Jedoch gibt es immer mehr Menschen, die sich damit in ganz Afrika beschäftigen und es wird immer deutlicher, dass gerade dort Methoden und Werkzeuge gebraucht werden, um die Desertifikation und Bodenerosion zu stoppen und stattdessen lebendige, lokale Systeme (sowohl im Garten als auch in der regionalen Dorfstruktur) zu schaffen.
In Kenja hat sich vor 2 Jahren ein Permakultur-Institut gegründet, wo international anerkannte Kurse (Design Kurse) gegeben werden und auch konkrete Projekte entstehen.
Kurz nachdem ich die Entscheidung getroffen hatte, nach Uganda zu gehen, hörte ich von einem „Teachers Training“ (Ausbildung zum Permakultur-Lehrer) in genau dieser Zeit in Nairobi.
Es wird veranstaltet von Warren Brush, der die Permakultur auf eine sehr schöne Weise unterrichtet und dabei sehr kreative Methoden verwendet. Er verbindet die Permakultur, das Wildniswissen und das Geschichten-Erzählen (storytelling). Weiter Infos zu ihm gibt es hier.
 
Martha und Yusuf
… sind Freunde von mir in Uganda. Mit den beiden habe ich in dem Baum-Pflanz-Projekt gemeinsam gearbeitet, wie manche von euch sicher wissen.
Martha ist jetzt 26, Yusuf hat schon Kinder und ist 45 Jahre alt. Beide sind total begeistert davon, ihren Teil zu einer besseren Welt beizutragen. Yusuf hat den schönsten Wald-Garten, den ich kenne, und lebt für die Bäume.
Das Ziel unserer Arbeit war, die Menschen aus den Dorfgemeinschaften dazu zu begeistern, Bäume zu pflanzen. Bäume, die man gut im Garten pflanzen kann und die das Gemüse positiv beeinflussen und zum Agroforst-Anbau geeignet sind.
Mein Wunsch ist es, Martha und Yusuf zu dem Permaculture-Teachers-Training in Nairobi mitzunehmen. Voraussetzung dafür ist die Teilnahme an einem 12-tägigen Permakultur Design Kurs. Den haben sie im November gemacht und waren total begeistert.
Ich möchte, dass die Permakultur in Uganda und Afrika immer bekannter wird, dass die Menschen dort Zugang zu diesem Wissen haben und es dann leicht anwenden können in ihrem eigenen Garten und in ihrer eigenen Dorfgemeinschaft.
In Uganda gibt es derzeit noch keine Lehrer oder Multiplikatoren dafür. Die neue Denkweise, das systemische Denken und das Verständis, dass alles verbunden ist und voneinander abhängt, ist meiner Meinung nach sehr wichtig in dieser Zeit des globalen Wandels.
Wichtig ist, dass Einheimsche ausgebildet werden, die sowohl die Kultur, als auch die Sprachen und die klimatischen Bedingungen kennen.
Uganda spürt die Auswirkungen vom Klimawandel wesentlich mehr als wir hier in Deutschland.
Ich weiß, dass die Permakultur helfen kann, wieder regionale Kreisläufe aufzubauen, Biotope zu schaffen und gleichzeitig den Grad an Selbstversorgung zu verbessernP1100091.

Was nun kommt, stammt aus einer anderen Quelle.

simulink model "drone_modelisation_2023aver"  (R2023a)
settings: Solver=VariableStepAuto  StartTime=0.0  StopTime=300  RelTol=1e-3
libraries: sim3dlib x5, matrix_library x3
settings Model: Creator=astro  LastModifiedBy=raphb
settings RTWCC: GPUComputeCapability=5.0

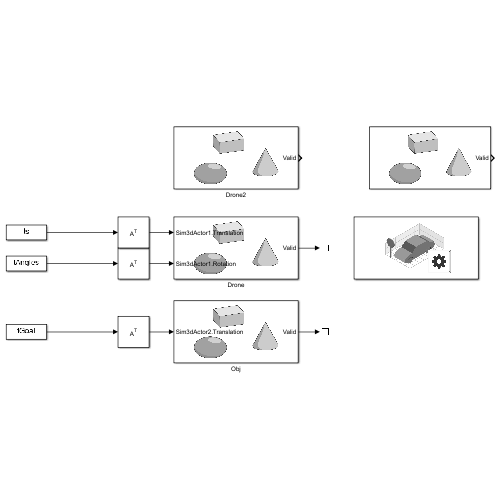
[thumbnail: Simulink's stored preview of the top-level diagram]
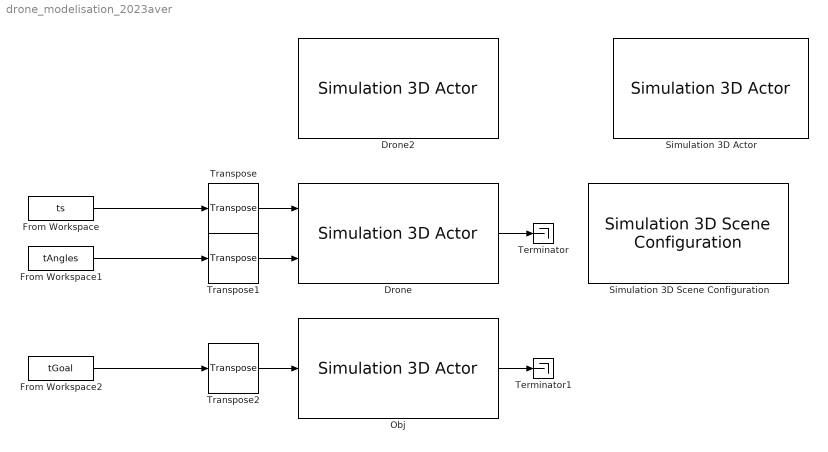
== system drone_modelisation_2023aver ==
  Drone : sim3dlib/Simulation 3D Actor  Priority=1  ActorName=Sim3dActor1  ParentName=Scene Origin  Operation=Create at setup  InitScriptText=|  SampleTime=-1  Translation=single([0 0 1])  Rotation=single([0 0 0])  Scale=single([1 1 1]*.05)  InputsText=Sim3dActor1.Translation Sim3dActor1.Rotation  aMode=5  ActorTag=Sim3dActor1  ActorType=Sim3dActor  ID=1
      | % Reserved keywords:
      | % - Actor : handle to this actor object
      | % - World : handle to the world object
      | 
      | % Examples:
      | 
      | % Create a primitive geometry (optional)
      | Actor.load("Drone Blender fusionner.x3d")
      | World.add(Actor)
  Drone2 : sim3dlib/Simulation 3D Actor  Priority=1  ActorName=Sim3dActor10  ParentName=Scene Origin  Operation=Create at setup  InitScriptText=|  SampleTime=-1  Translation=single([19 9 -0.1])  Rotation=single([0 0 0])  Scale=single([1 1 1])*.1  aMode=5  ActorTag=Sim3dActor10  ActorType=Sim3dActor  ID=10
      | % Reserved keywords:
      | % - Actor : handle to this actor object
      | % - World : handle to the world object
      | 
      | % Examples:
      | 
      | % Create a primitive geometry (optional)
      | Actor.load("Environnement avec couleurs fusionner.x3d")
      | %Actor.load("Les_cubes_moche_environnement.x3d")
      | World.add(Actor)
  From Workspace : FromWorkspace  VariableName=ts  SampleTime=-1
  From Workspace1 : FromWorkspace  VariableName=tAngles
  From Workspace2 : FromWorkspace  VariableName=tGoal
  Obj : sim3dlib/Simulation 3D Actor  Priority=1  ActorName=Sim3dActor2  ParentName=Scene Origin  Operation=Create at setup  InitScriptText=|  SampleTime=-1  Translation=single([0 0 1])  Rotation=single([0 0 0])  Scale=single([1 1 1]*.05)  InputsText=Sim3dActor2.Translation  aMode=5  ActorTag=Sim3dActor2  ActorType=Sim3dActor  ID=2
      | % Reserved keywords:
      | % - Actor : handle to this actor object
      | % - World : handle to the world object
      | 
      | % Examples:
      | 
      | % Create a primitive geometry (optional)
      | Actor.load("Cible fusionner.x3d")
      | World.add(Actor)
  Simulation 3D Actor : sim3dlib/Simulation 3D Actor  ActorName=Sim3dActor11  ParentName=Scene Origin  Operation=Create at setup  InitScriptText=|  SampleTime=-1  Translation=single([14 14 -.2])  Rotation=single([0 0 0])  Scale=single([1 1 1])  aMode=5  ActorTag=Sim3dActor11  ActorType=Sim3dActor  ID=11
      | %Actor.createShape("box", [26.46 26.46 .2]);
      | %Actor.Color = "red";
      | %World.add(Actor)
      settings: LibrarySourceBlock=sl3dlib/Simulation 3D/Simulation 3D Actor
  Simulation 3D Scene Configuration : sim3dlib/Simulation 3D Scene Configuration  Priority=0  ProjectFormat=Default Scenes  SceneDesc=Empty scene  ProjectName=C:\Program Files\MATLAB\R2023a\toolbox\shared\sim3d_projects\automotive_project\UE4\WindowsNoEditor\VehicleSimulation.exe  ScenePath=/Game/Maps/HwStrght  EnableOpenDRIVE=off  vehTagList={'Scene Origin'}  vehTag=Scene Origin  OpVisEn=off  Ts=.02  EnableWindow=on  EnableRemoteAccess=off  EnableWeather=off  SunAltitude=40.0  SunAzimuth=90  clouds=10  wind=1  fog=0  rain=0  EnableGeospatial=off  OriginHeight=200  OriginLatitude=40.744652  OriginLongitude=-73.988864  MapStyle=Aerial  AdditionalAssetIDs=[]  UseAdvancedSunSky=off  SolarTime=11  TimeZone=-5  Day=21  Month=9  Year=2022  UseDaylightSavingTime=on  DSTStartDay=10  DSTStartMonth=3  DSTEndDay=3  DSTEndMonth=11  DSTSwitchHour=2  sensorTag=MainCamera1  sensorId=1  sensorName=MainCamera1  mountLoc=Origin  offsetFlag=off  tmountOffset=[0, 0, 0]  rmountOffset=[0, 0, 0]  HorizontalResolution=1280  VerticalResolution=720  HorizontalFOV=60  mountPoint=[0 0 0]  mountOrientation=[0 0 0]  aMode=5  ID=1  GeoTrigger=Inactive
      settings: LibrarySourceBlock=sl3dlib/Simulation 3D/Environment/Simulation 3D Scene Configuration
  Terminator : Terminator
  Terminator1 : Terminator
  Transpose : matrix_library/Transpose
  Transpose1 : matrix_library/Transpose
  Transpose2 : matrix_library/Transpose
  wires:
  Drone/1 -> Terminator/1
  From Workspace/1 -> Transpose/1
  Transpose/1 -> Drone/1
  From Workspace1/1 -> Transpose1/1
  Transpose1/1 -> Drone/2
  From Workspace2/1 -> Transpose2/1
  Obj/1 -> Terminator1/1
  Transpose2/1 -> Obj/1
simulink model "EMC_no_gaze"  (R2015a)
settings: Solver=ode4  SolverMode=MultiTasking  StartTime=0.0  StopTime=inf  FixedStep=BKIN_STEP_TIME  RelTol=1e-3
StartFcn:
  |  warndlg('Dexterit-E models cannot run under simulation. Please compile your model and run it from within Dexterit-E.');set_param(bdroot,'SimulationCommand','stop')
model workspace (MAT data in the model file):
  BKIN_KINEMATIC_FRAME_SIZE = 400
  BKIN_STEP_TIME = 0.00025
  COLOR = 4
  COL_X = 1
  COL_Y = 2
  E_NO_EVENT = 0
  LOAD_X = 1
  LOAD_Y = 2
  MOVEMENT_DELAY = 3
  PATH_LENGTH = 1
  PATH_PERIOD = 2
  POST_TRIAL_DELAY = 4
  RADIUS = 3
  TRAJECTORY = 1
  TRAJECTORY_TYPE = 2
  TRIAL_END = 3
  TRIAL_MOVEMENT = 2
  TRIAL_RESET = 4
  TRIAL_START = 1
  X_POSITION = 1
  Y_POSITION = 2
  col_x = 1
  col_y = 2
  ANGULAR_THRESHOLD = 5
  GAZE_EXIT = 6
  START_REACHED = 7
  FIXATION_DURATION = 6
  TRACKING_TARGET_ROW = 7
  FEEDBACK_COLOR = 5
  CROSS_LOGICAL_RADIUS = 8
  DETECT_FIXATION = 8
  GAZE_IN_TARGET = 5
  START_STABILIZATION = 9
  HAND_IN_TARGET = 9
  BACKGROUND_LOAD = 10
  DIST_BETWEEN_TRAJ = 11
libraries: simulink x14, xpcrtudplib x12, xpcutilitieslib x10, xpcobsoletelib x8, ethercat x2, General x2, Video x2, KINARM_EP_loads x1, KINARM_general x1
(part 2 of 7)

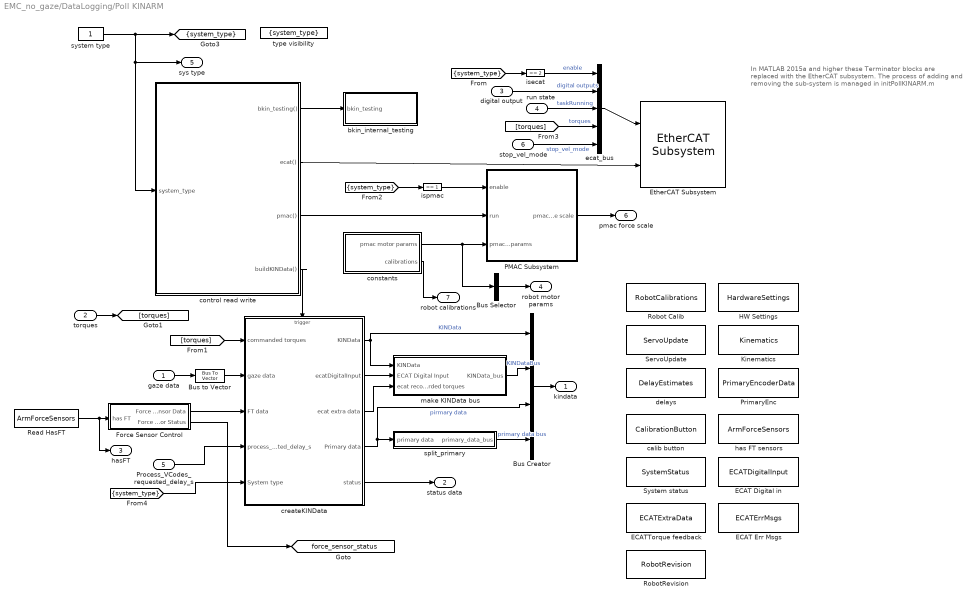
== system EMC_no_gaze/DataLogging/Poll KINARM ==
  note: In MATLAB 2015a and higher these Terminator blocks
      | are replaced with the EtherCAT subsystem. The process of
      | adding and removing the sub-system is managed in
      | initPollKINARM.m
  gaze data : Inport
  torques : Inport  Port=2
  digital output : Inport  Port=3
  run state : Inport  Port=4
  Process_VCodes_requested_delay_s : Inport  Port=5
  stop_vel_mode : Inport  Port=6
  Bus Creator : BusCreator
  Bus Selector : BusSelector  OutputSignals=robot1MotorParams,robot2MotorParams  OutputAsBus=on
  Bus to Vector : BusToVector
  ECAT Digital in : DataStoreMemory  DataStoreName=ECATDigitalInput  ReadBeforeWriteMsg=error  WriteAfterWriteMsg=warning  WriteAfterReadMsg=error  InitialValue=[0, 0, 0, 0, 0, 0, 0, 0]  OutDataTypeStr=uint32
  ECAT Err Msgs : DataStoreMemory  DataStoreName=ECATErrMsgs  ReadBeforeWriteMsg=error  WriteAfterWriteMsg=warning  WriteAfterReadMsg=error  InitialValue=zeros(4, 5)  OutDataTypeStr=double
  ECATTorque feedback : DataStoreMemory  DataStoreName=ECATExtraData  ReadBeforeWriteMsg=error  WriteAfterWriteMsg=warning  WriteAfterReadMsg=error  InitialValue=[0, 0, 0, 0, 0, 0, 0, 0, 0, 0]  OutDataTypeStr=double
  EtherCAT Subsystem : ethercat/EtherCAT Subsystem  SystemSampleTime=BKIN_STEP_TIME
  Force Sensor Control : Subsystem  TreatAsAtomicUnit=on
      settings: RTWSystemCode=Nonreusable function  RTWFileNameOpts=Use function name
  HW Settings : DataStoreMemory  DataStoreName=HardwareSettings  ReadBeforeWriteMsg=error  WriteAfterWriteMsg=warning  WriteAfterReadMsg=error  InitialValue=zeros(24, 1)  OutDataTypeStr=double
  Kinematics : DataStoreMemory  DataStoreName=Kinematics  ReadBeforeWriteMsg=error  WriteAfterWriteMsg=warning  WriteAfterReadMsg=error  InitialValue=zeros(20, 1)  OutDataTypeStr=double
  PMAC Subsystem : Subsystem
      settings: RTWSystemCode=Nonreusable function  RTWFileNameOpts=Use function name
  PrimaryEnc : DataStoreMemory  DataStoreName=PrimaryEncoderData  ReadBeforeWriteMsg=error  WriteAfterWriteMsg=warning  WriteAfterReadMsg=error  InitialValue=zeros(12, 1)  OutDataTypeStr=double
  Read HasFT : DataStoreRead  DataStoreName=ArmForceSensors  SampleTime=BKIN_STEP_TIME
  Robot Calib : DataStoreMemory  DataStoreName=RobotCalibrations  InitialValue=zeros(16, 1)  OutDataTypeStr=double
  RobotRevision : DataStoreMemory  DataStoreName=RobotRevision  ReadBeforeWriteMsg=error  WriteAfterWriteMsg=warning  WriteAfterReadMsg=error  InitialValue=[1, 1]  OutDataTypeStr=double
  ServoUpdate : DataStoreMemory  DataStoreName=ServoUpdate  ReadBeforeWriteMsg=error  WriteAfterWriteMsg=warning  WriteAfterReadMsg=error  OutDataTypeStr=uint32
  System status : DataStoreMemory  DataStoreName=SystemStatus  ReadBeforeWriteMsg=error  WriteAfterWriteMsg=warning  WriteAfterReadMsg=error  InitialValue=zeros(1, 7)  OutDataTypeStr=uint32
  bkin_internal_testing : Subsystem
  calib button : DataStoreMemory  DataStoreName=CalibrationButton  ReadBeforeWriteMsg=error  WriteAfterWriteMsg=warning  WriteAfterReadMsg=error  OutDataTypeStr=uint32
  constants : Subsystem
      settings: RTWSystemCode=Nonreusable function  RTWFileNameOpts=Use function name
  control read write : Stateflow chart  TreatAsAtomicUnit=on
  createKINData : Subsystem
      settings: RTWSystemCode=Nonreusable function  RTWFileNameOpts=Use function name
  delays : DataStoreMemory  DataStoreName=DelayEstimates  ReadBeforeWriteMsg=error  WriteAfterWriteMsg=warning  WriteAfterReadMsg=error  InitialValue=zeros(4, 1)  OutDataTypeStr=double
  ecat_bus : BusCreator  Inputs=5
  has FT sensors : DataStoreMemory  DataStoreName=ArmForceSensors  InitialValue=[0, 0]  OutDataTypeStr=double
  isecat : simulink/Logic and Bit Operations/Compare To Constant  relop===  const=2  OutDataTypeStr=boolean
  ispmac : simulink/Logic and Bit Operations/Compare To Constant  relop===  const=1  OutDataTypeStr=boolean
  make KINData bus : Subsystem
  split_primary : Subsystem
  system type : Constant
  type visibility : GotoTagVisibility  GotoTag=system_type
  kindata : Outport
  status data : Outport  Port=2
  hasFT : Outport  Port=3
  robot motor params : Outport  Port=4
  sys type : Outport  Port=5
  pmac force scale : Outport  Port=6
  robot calibrations : Outport  Port=7
  tag scope: force_sensor_status=global, system_type=scoped
  wires:
  control read write/2(ecat()) -> EtherCAT Subsystem/2
  ecat_bus/1 -> EtherCAT Subsystem/1
  stop_vel_mode/1 -> ecat_bus/5  "stop_vel_mode"
  Bus Selector/1 -> robot motor params/1
  Bus Creator/1 -> kindata/1
  Bus to Vector/1 -> createKINData/2(gaze data)
  constants/1(pmac motor params) -> Bus Selector/1, PMAC Subsystem/3(pmac robot params)
  createKINData/1(KINData) -> Bus Creator/1, make KINData bus/1(KINData)  "KINData"
  createKINData/4(Primary data) -> Bus Creator/3, split_primary/1(primary data)  "pirmary data"
  createKINData/5(status) -> status data/1
  gaze data/1 -> Bus to Vector/1
  Force Sensor Control/1(Force Sensor Data) -> createKINData/3(FT data)
  system type/1 -> [system_type], control read write/1(system_type), sys type/1
  control read write/1(bkin_testing()) -> bkin_internal_testing/1(bkin_testing)
  control read write/3(pmac()) -> PMAC Subsystem/2(run)
  control read write/4(buildKINData()) -> createKINData/Trigger
  [system_type] -> isecat/1
  [system_type] -> ispmac/1
  ispmac/1 -> PMAC Subsystem/1(enable)
  Read HasFT/1 -> hasFT/1, Force Sensor Control/1(has FT)
  make KINData bus/1(KINData_bus) -> Bus Creator/2  "KINDataBus"
  split_primary/1(primary_data_bus) -> Bus Creator/4  "primary data bus"
  PMAC Subsystem/1(pmac force scale) -> pmac force scale/1
  constants/2(calibrations) -> robot calibrations/1
  createKINData/2(ecatDigitalInput) -> make KINData bus/2(ECAT Digital Input)
  digital output/1 -> ecat_bus/2  "digital outputs"
  run state/1 -> ecat_bus/3  "taskRunning"
  isecat/1 -> ecat_bus/1  "enable"
  torques/1 -> [torques]
  [torques] -> createKINData/1(commanded torques)
  [torques] -> ecat_bus/4  "torques"
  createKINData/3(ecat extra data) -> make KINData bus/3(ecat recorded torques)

Um Martha und Yusuf als Permakultur-Lehrer auszubilden, brauche ich eure Hilfe.
Das Training kostet für beide 500 Dollar. (also 1000 Dollar insgesamt) Wenn mehr zusammenkommt, würde ich gerne ein paar gute Bücher als Nachschlagwerke kaufen.
Nach dem Teachers Training bleiben mir noch 5 Wochen in Uganda, in denen ich mit Martha und Yusuf schauen werde, was sich im Kleinen schon machen lässt. Auch da wäre es super, auf ein Budget zurückgreifen zu können.
Vielleicht entsteht dann langfristig ein Permakultur-Institut oder -zentrum in Uganda? An der zeit dazu wäre es…
Wie bei meinem Unterstützerkreis merke ich, dass Geld, wenn es von euch geschenkt wird, auch ein Stück von euch „mittransportiert“. Ich hätte euch alle unglaublich gerne dabei bei diesem Vorhaben. Für mich bedeutet es sehr viel, mein „Herzensthema“ Permakultur nun in Uganda eine kleine „Starthilfe“ zu geben…
Ich freue mich über jede kleine und große Spende von euch.
Damit ihr auch eine Spendenquittung bekommt, könnt ihr auf das Konto von wirundjetzt e.V. spenden.P1100201

Ihr dürft euch dann auf jeden Fall über Mitbringsel freuen – von afrikanischen Stoffen über ugandischen, fair gehandelten Kaffee bis hin zu Kunsthandwerk und Mangos.

Und natürlich Berichte und Erzählungen von meinen Erlebnissen in Uganda!

Bei Fragen meldet euch doch einfach bei mir (0173/1919994)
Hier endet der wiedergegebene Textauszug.